Due to the problems of the Rao and Stirling indicator, the aim of this paper was to go back to Shannon's probabilistic concept of entropy (Shannon, 1948), which implicitly dealt with all three facets of diversity, in order to develop a modified concept of diversity from it, which is additive in its nature and allows for both the calculation of a diversity indicator dive as well as estimation diversity by a statistical model. Due to the fact that most interdisciplinarity indicators trace back to Shannon`s entropy, the Shannon`s concept of “mutual information” should be favored towards the concept of correlation (Pregowska et al., 2015). A statistical approach was presented how to estimate diversity and its components. In the sense of Occam's razor principle, the question arises as to why this more complex approach should be given preference in practice over the simple concept of Rao and Stirling. First of all, there is no intention to replace the existing diversity indicators, but to identify opportunities for improvement. The following four reasons could be put forward:

  1. 1.

    Inconsistencies: Concepts with obvious inconsistencies are not very convincing and reinforce the negative image of bibliometrics.

  2. 2.

    Interpretation: Diversity can be interpreted in terms of entropy as a measure of information. Diversity is at its maximum when events can no longer be predicted, as in a coin toss.
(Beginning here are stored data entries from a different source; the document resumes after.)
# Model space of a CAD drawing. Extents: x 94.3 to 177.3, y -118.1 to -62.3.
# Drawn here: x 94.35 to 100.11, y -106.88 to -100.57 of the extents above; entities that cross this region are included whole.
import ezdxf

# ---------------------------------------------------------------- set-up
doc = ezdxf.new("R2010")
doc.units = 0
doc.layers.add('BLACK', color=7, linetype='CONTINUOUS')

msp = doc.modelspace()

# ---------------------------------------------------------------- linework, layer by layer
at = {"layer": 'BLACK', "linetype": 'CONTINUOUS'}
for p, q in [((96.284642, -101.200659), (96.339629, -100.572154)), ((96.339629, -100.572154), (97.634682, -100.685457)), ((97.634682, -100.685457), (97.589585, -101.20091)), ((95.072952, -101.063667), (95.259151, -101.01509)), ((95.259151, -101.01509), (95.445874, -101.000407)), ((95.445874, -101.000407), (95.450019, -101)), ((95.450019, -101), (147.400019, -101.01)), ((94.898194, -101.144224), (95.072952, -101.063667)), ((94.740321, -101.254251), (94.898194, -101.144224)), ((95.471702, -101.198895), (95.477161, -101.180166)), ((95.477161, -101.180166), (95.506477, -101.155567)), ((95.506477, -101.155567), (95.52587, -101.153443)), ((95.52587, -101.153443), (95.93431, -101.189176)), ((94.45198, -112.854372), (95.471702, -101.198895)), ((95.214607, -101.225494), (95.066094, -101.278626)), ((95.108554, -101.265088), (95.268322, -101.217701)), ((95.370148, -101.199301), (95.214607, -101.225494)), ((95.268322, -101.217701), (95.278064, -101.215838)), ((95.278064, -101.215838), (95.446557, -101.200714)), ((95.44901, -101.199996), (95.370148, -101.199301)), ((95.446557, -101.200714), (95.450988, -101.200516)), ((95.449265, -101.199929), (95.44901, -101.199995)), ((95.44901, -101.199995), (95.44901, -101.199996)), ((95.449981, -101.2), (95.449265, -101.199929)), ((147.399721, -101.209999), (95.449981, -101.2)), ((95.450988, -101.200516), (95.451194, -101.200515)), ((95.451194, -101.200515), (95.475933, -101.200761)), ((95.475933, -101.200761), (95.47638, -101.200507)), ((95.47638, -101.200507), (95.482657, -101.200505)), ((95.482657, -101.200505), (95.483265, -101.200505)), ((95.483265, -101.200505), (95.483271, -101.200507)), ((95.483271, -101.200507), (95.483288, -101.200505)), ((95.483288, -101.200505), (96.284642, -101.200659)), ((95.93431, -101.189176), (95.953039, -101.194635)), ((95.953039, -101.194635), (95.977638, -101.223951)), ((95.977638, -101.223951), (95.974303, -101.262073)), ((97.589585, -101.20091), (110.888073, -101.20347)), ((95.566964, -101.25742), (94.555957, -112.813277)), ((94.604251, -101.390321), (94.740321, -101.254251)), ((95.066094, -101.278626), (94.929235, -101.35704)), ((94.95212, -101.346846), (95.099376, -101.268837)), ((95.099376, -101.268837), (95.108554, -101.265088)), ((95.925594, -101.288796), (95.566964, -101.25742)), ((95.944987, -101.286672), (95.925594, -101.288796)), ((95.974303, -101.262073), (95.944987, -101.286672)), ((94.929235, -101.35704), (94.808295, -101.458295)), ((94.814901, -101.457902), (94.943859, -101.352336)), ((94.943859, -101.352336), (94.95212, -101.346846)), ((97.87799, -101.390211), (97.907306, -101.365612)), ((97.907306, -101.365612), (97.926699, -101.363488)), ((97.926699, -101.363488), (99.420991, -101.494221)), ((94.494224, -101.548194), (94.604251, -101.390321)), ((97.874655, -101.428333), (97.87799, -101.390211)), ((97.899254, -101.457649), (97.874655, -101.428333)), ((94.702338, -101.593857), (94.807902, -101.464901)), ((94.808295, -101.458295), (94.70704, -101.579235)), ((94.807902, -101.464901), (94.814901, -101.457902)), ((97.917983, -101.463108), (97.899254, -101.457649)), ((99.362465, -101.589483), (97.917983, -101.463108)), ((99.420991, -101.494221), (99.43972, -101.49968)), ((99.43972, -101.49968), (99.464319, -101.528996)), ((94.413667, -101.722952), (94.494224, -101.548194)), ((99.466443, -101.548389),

The lower the diversity, the more predictable events are, the more structure is in the data.

  3. 3.

    Open the Pandorra`s box: The discussions on bibliometric concepts such as field normalization, definition of fields, fractional counting and also diversity seem to be more or less closed with some more or less workable solutions. These considerations might reopen the discussion.

  4. 4.

    Stochastic nature: If the occurrence of publications, research output, citations, etc. is assumed to base on a stochastic random process, this must be taken into account within the development of an indicator.

  5. 5.

    Statistical estimation: In principle, diversity and its various components can be statistically estimated, as shown.

The calculation of the disparity indicator requires a workable solution on how to deal with the number of components that increases when the number of units increases (e.g., research output types, number of disciplines). For example, with 3 disciplines (A, B, C), there are 4 components of disparity (AB, AC, BC, ABC), with 4 and more units the number of components strongly increases. Eventually, disparity be it mutual information or correlation reflects combinations of disciplines, which often occurs. To get rid of disparity (~ 0) different types of combinations have to distinguished with the help of a latent class analysis (Mutz & Daniel, 2013; Mutz et al., 2012, 2014). Statistically, within a latent class the different units (e.g., disciplines) are uncorrelated.